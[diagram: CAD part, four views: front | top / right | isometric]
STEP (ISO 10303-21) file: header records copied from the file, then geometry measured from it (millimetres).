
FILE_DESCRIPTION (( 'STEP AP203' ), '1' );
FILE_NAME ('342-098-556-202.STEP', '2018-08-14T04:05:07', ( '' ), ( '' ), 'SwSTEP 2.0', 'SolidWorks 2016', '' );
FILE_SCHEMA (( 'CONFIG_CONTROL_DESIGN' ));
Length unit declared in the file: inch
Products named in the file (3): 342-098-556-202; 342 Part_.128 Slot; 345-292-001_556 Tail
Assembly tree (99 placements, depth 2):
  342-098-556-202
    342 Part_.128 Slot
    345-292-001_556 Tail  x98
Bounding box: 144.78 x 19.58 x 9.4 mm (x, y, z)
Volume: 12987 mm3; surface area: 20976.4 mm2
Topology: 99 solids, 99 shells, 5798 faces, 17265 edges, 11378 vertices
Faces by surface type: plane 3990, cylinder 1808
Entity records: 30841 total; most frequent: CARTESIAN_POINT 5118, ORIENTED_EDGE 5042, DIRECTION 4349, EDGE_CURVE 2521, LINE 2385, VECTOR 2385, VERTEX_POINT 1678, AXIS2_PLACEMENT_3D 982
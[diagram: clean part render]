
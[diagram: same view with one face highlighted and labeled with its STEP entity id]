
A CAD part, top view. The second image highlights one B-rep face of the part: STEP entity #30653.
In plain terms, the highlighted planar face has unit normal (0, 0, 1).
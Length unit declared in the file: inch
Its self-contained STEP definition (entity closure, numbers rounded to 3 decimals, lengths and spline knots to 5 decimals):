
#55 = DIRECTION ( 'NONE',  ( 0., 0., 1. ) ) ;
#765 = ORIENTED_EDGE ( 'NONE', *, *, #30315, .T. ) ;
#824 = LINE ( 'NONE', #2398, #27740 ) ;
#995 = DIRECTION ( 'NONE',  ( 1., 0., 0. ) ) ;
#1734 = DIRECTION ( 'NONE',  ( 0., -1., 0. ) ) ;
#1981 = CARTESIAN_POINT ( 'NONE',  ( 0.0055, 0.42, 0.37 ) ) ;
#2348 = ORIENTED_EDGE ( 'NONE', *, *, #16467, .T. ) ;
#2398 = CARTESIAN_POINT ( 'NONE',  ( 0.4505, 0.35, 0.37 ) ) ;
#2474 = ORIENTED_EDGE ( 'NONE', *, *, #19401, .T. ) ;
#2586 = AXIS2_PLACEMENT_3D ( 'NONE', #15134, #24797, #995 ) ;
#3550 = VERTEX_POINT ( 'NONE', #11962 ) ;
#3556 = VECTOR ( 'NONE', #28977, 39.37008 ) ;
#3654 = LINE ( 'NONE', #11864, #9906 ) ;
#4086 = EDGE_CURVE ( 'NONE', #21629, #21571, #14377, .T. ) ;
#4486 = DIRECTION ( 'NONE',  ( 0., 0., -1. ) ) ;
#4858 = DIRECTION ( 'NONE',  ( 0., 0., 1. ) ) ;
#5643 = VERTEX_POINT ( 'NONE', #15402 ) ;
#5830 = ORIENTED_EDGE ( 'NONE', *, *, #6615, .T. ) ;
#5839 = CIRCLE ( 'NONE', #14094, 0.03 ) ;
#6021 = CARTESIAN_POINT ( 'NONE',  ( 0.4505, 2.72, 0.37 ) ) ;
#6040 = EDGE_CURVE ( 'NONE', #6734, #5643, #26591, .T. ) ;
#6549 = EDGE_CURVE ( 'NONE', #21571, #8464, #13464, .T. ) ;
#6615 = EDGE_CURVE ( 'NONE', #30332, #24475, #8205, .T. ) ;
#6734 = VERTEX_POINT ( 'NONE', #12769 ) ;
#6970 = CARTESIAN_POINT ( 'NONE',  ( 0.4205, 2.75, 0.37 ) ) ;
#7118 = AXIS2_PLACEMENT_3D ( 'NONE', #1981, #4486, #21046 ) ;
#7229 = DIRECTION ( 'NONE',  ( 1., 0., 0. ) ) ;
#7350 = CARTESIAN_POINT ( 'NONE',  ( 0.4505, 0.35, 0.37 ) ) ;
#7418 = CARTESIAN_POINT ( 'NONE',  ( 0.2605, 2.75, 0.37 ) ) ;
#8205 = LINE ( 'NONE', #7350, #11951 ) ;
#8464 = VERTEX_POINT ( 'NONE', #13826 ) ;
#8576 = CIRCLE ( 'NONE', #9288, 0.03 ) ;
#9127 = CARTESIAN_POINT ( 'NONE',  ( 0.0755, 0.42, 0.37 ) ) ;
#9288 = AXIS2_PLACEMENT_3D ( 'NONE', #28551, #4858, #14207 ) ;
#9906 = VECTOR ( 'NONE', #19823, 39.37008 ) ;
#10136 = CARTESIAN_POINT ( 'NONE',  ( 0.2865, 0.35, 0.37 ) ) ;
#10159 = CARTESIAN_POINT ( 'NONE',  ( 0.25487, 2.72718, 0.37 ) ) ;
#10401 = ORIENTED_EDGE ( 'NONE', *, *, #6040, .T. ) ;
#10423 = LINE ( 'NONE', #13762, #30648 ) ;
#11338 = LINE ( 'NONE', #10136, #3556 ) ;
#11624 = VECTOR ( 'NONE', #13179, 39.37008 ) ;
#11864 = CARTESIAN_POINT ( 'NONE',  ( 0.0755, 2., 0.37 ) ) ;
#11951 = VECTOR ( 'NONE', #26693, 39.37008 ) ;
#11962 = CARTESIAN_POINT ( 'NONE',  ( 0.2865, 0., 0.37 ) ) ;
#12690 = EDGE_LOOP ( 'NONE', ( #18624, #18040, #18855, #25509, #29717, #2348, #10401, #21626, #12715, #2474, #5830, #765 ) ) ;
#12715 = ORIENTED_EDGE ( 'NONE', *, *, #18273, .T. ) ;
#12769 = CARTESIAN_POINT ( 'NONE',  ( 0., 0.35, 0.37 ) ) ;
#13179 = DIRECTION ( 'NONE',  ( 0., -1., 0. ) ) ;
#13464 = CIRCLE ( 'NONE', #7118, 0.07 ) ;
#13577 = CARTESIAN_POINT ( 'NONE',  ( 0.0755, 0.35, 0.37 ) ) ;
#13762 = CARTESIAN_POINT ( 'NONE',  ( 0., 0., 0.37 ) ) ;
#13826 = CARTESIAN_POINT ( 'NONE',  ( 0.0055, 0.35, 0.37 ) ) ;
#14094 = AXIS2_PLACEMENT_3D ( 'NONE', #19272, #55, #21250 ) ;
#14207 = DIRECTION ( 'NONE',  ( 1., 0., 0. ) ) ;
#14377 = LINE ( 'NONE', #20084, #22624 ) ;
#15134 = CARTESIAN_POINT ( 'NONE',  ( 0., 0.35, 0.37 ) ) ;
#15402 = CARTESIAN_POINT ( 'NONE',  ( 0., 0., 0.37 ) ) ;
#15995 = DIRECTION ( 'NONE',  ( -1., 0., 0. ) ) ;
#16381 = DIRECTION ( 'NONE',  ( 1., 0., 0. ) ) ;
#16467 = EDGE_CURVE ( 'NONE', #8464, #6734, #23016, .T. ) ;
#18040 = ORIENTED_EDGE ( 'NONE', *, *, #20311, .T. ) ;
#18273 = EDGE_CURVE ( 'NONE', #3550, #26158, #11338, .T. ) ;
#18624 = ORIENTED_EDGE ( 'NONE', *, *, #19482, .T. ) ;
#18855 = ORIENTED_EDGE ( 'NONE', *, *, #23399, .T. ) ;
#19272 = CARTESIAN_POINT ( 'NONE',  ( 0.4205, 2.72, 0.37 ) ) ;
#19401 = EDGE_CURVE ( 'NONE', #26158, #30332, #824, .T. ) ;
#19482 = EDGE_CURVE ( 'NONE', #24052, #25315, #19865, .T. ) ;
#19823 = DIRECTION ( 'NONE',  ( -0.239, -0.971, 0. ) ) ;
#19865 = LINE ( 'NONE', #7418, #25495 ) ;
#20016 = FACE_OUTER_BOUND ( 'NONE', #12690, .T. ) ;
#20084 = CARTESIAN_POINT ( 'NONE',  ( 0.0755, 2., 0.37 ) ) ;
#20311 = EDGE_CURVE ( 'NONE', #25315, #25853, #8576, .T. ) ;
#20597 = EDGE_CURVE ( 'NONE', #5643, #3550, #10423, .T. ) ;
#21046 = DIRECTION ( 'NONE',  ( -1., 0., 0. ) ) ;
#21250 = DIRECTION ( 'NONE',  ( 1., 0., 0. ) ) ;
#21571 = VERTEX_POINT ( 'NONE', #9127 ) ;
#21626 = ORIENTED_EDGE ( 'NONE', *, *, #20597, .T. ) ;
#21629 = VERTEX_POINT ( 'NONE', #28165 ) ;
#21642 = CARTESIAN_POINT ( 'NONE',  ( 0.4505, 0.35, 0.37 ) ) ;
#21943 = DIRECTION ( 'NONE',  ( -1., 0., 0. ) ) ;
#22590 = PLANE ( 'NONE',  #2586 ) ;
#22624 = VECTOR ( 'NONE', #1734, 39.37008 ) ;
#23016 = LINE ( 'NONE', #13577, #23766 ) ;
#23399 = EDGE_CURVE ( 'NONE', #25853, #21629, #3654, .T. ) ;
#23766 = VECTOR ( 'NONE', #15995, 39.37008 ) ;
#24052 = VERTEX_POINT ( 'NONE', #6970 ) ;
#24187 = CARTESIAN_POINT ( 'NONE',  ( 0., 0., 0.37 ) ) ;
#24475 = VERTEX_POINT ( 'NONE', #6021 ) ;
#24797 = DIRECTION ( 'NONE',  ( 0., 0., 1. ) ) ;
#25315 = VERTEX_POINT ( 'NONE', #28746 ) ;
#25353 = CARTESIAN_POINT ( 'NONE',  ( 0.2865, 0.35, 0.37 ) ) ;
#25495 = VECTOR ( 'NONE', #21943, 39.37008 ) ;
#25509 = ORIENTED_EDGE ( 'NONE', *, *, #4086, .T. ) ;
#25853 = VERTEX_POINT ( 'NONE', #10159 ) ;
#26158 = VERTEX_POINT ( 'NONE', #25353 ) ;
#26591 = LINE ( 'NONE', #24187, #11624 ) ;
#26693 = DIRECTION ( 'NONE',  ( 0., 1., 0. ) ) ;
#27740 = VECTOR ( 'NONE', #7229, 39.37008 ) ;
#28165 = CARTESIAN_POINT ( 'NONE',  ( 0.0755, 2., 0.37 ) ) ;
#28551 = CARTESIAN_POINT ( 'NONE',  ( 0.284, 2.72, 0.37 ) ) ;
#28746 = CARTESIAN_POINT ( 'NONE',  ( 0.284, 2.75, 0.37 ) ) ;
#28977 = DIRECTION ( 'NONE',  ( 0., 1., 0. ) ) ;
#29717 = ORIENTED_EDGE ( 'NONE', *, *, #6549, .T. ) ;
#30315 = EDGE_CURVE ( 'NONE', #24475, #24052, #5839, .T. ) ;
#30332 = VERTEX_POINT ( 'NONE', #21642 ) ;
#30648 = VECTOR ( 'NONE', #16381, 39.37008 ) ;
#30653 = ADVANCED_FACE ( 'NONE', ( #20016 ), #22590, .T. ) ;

----------------

§ **Requirement**
Among the records above, only the lines between the line holding "#21943 = DIRECTION" and the line holding "#25315 = VERTEX_POINT ( 'NONE', #28746 ) ;", inclusive, are to be output, exactly as written.

§ **Answer section**
#21943 = DIRECTION ( 'NONE',  ( -1., 0., 0. ) ) ;
#22590 = PLANE ( 'NONE',  #2586 ) ;
#22624 = VECTOR ( 'NONE', #1734, 39.37008 ) ;
#23016 = LINE ( 'NONE', #13577, #23766 ) ;
#23399 = EDGE_CURVE ( 'NONE', #25853, #21629, #3654, .T. ) ;
#23766 = VECTOR ( 'NONE', #15995, 39.37008 ) ;
#24052 = VERTEX_POINT ( 'NONE', #6970 ) ;
#24187 = CARTESIAN_POINT ( 'NONE',  ( 0., 0., 0.37 ) ) ;
#24475 = VERTEX_POINT ( 'NONE', #6021 ) ;
#24797 = DIRECTION ( 'NONE',  ( 0., 0., 1. ) ) ;
#25315 = VERTEX_POINT ( 'NONE', #28746 ) ;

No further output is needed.